As soon as they hear system they start swearing.
- Has bunch of data labeled. Whats the best way to add new labels ? Slots and intent mapping. How addition of intents and slots? Needs recollecting and re-implementing the pipeline. May be generative models can be a solution to this. Needs re-training.
- Including context into the language understanding.
- Small labeled dataset, but large unlabeled dataset. Using self-taught learning.
- Using annotations on the ASR engine.
- DSTC2 data is static. Variability in the new data. Much more different from the dynamic data. So, SLU needs a service? Problem conversion between state tracking vs understanding.
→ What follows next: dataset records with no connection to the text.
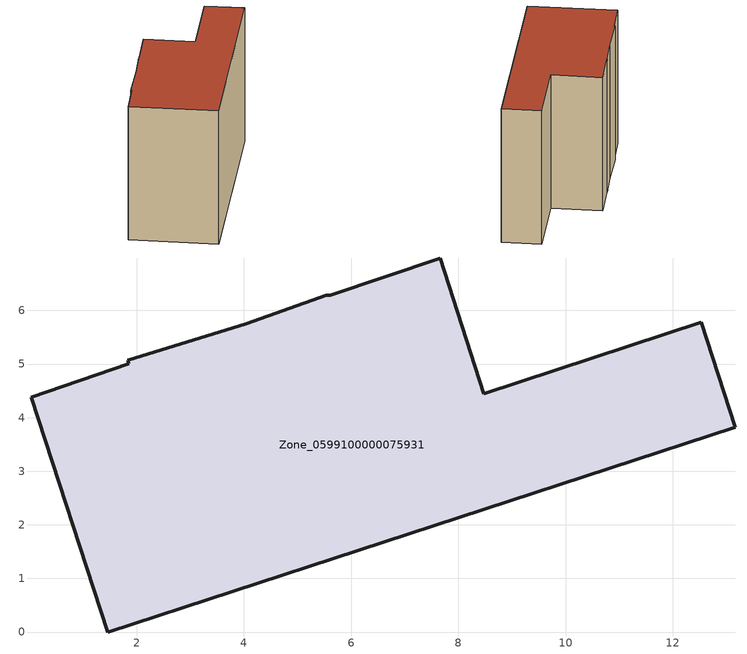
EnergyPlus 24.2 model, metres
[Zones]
Zone_0599100000075931
 floor ground (C_G): 5.61,6.29 7.66,6.98 8.47,4.45 12.53,5.78 13.17,3.82 1.46,0 0.03,4.38 1.85,5 1.83,5.07 4.05,5.75 5.54,6.28 z0
 wall outside (C_F): 13.17,3.82 12.53,5.78 8.47,4.45 7.66,6.98 5.61,6.29 5.54,6.28 4.05,5.75 1.83,5.07 1.85,5 0.03,4.38 1.46,0 13.17,3.82 z0:7.48
 roof outside (C_R): 7.66,6.98 5.61,6.29 5.54,6.28 4.05,5.75 1.83,5.07 1.85,5 0.03,4.38 1.46,0 13.17,3.82 12.53,5.78 8.47,4.45 z7.48
[BUILDING]
Pand.0599100000075931: North Axis=0; Terrain=City; Loads Convergence Tolerance Value=0.04; Temperature Convergence Tolerance Value=0.4; Solar Distribution=FullExterior; Maximum Number of Warmup Days=25; Minimum Number of Warmup Days=1
[Site:Location]
Rotterdam.The.Hague.AP_ZH_NLD Design_Conditions: Latitude=51.96; Longitude=4.45; Time Zone=1; Elevation=-4.5
[SITE:GROUNDTEMPERATURE:BUILDINGSURFACE]
18, 18, 18, 18, 18, 18, 18, 18, 18, 18, 18, 18
[MATERIAL] Thermal Absorptance=0.9; Solar Absorptance=0.7; Visible Absorptance=0.7
Name | Roughness | Thickness | Conductivity | Density | Specific Heat
G.TI.1946 | MediumSmooth | 0.15 | 1 | 540 | 1210
F.TI.1946 | Rough | 0.3 | 0.857143 | 1920 | 840
R.TI.1946 | MediumRough | 0.2 | 0.1 | 1500 | 1000
[CONSTRUCTION]
C_G: G.TI.1946
C_F: F.TI.1946
C_R: R.TI.1946
[ZONE]
Zone_0599100000075931: Type=1; Multiplier=1; Ceiling Height=Autocalculate; Volume=Autocalculate; Floor Area=autocalculate; Part of Total Floor Area=Yes
[ZONEINFILTRATION:DESIGNFLOWRATE]
Infil_Zone_0599100000075931: Zone or ZoneList or Space or SpaceList=Zone_0599100000075931; Schedule=AlwaysOn; Design Flow Rate Calculation Method=Flow/Area; Flow Rate per Floor Area=0.003; Constant Term Coefficient=1; Temperature Term Coefficient=0; Velocity Term Coefficient=0; Velocity Squared Term Coefficient=0
[HVACTEMPLATE:ZONE:IDEALLOADSAIRSYSTEM]
Zone_0599100000075931: Maximum Heating Supply Air Temperature=50; Minimum Cooling Supply Air Temperature=13; Maximum Heating Supply Air Humidity Ratio=0.0156; Minimum Cooling Supply Air Humidity Ratio=0.0077; Heating Limit=NoLimit; Cooling Limit=NoLimit; Dehumidification Control Type=ConstantSensibleHeatRatio; Cooling Sensible Heat Ratio=0.7; Dehumidification Setpoint=60; Humidification Control Type=None; Humidification Setpoint=30; Outdoor Air Method=None; Outdoor Air Flow Rate per Person=0.00944; Outdoor Air Flow Rate per Zone Floor Area=0; Outdoor Air Flow Rate per Zone=0; Demand Controlled Ventilation Type=None; Outdoor Air Economizer Type=NoEconomizer; Heat Recovery Type=None; Sensible Heat Recovery Effectiveness=0.7; Latent Heat Recovery Effectiveness=0.65
[ZONECONTROL:THERMOSTAT]
ThermostatControl_Zone_0599100000075931: Zone or ZoneList=Zone_0599100000075931; Control Type Schedule=DualSetpointControlType; Control 1=Thermostat_Zone_0599100000075931; Temperature Difference Between Cutout And Setpoint=0
[THERMOSTATSETPOINT:DUALSETPOINT]
Thermostat_Zone_0599100000075931: Heating Setpoint Temperature Schedule=HeatingSetpoint_Zone_0599100000075931; Cooling Setpoint Temperature Schedule=CoolingSetpoint_Zone_0599100000075931
[SCHEDULE:COMPACT]
HeatingSetpoint_Zone_0599100000075931: Through: 12/31, For: AllDays, Until: 24:00, 21
CoolingSetpoint_Zone_0599100000075931: Through: 12/31, For: AllDays, Until: 24:00, 24
DualSetpointControlType: Through: 12/31, For: AllDays, Until: 24:00, 4
AlwaysOn: Through: 12/31, For: AllDays, Until: 24:00, 1

- SLU: task oriented setting and slot fitting. Interested in non-task oriented setting? Understand what the person is speaking in open domain and respond differently. SLU task is much vague and depends on the domains.
- Generic understanding: AMR: Abstract meaning representation is more powerful than framenet.
- Spoken vs written: written is much harder because its harder to parse. But, spoken have shorter length and easier to parse.
- Give me a perfect AMR parser, but how to build the perfect SDS.
- Opentable API has three variable API. Query to the API which can fulfil the user request.
- Classification is over-simplified version of SLU.
- High precision grammar: disfluencies: Disfluency clean up doesn’t clean up. Query rewrite is a big issue.
- Query rewrite is very dominant. Synonyms and disjunctions are added.
- Query rewrite: Speech is taken as a commodity.
- Incremental SLU could handle works by having barge-ins. Annoying but works. Query success tasks increased by performing incremental SLU.
- Retrain on real user utterances. Corpora is important.
- Residual nets are may be equivalent to RNN. Skipping layers and resnets don’t quite have the same appeal due to depth and randomness.
- Wavenet: generates signals. Wavenets vs resnets ? Generating words is very different from generating images. Could still work. Recursive neural networks.
- Fit to the API is important. -Show me movies of “James Cameroon”- Build trees based on parse tree. Recursive neural networks needs a more structured training data.
- Recursive NN was more linguistically motivated.
- Bracketed representation and LSTM provides the structure.
- Memory augmented neural networks: Memory augments the learning by integrating context.
- Attention models vs memory networks.
- Memory networks are may be better suited for QA and not really dialogue.
- Direct linking works well for parsing lattices.
- Input layer is in the form a lattice. [wordlets]
- Memory networks [QA system] FB data set. Could be a good pointer. Memory network to represent the context.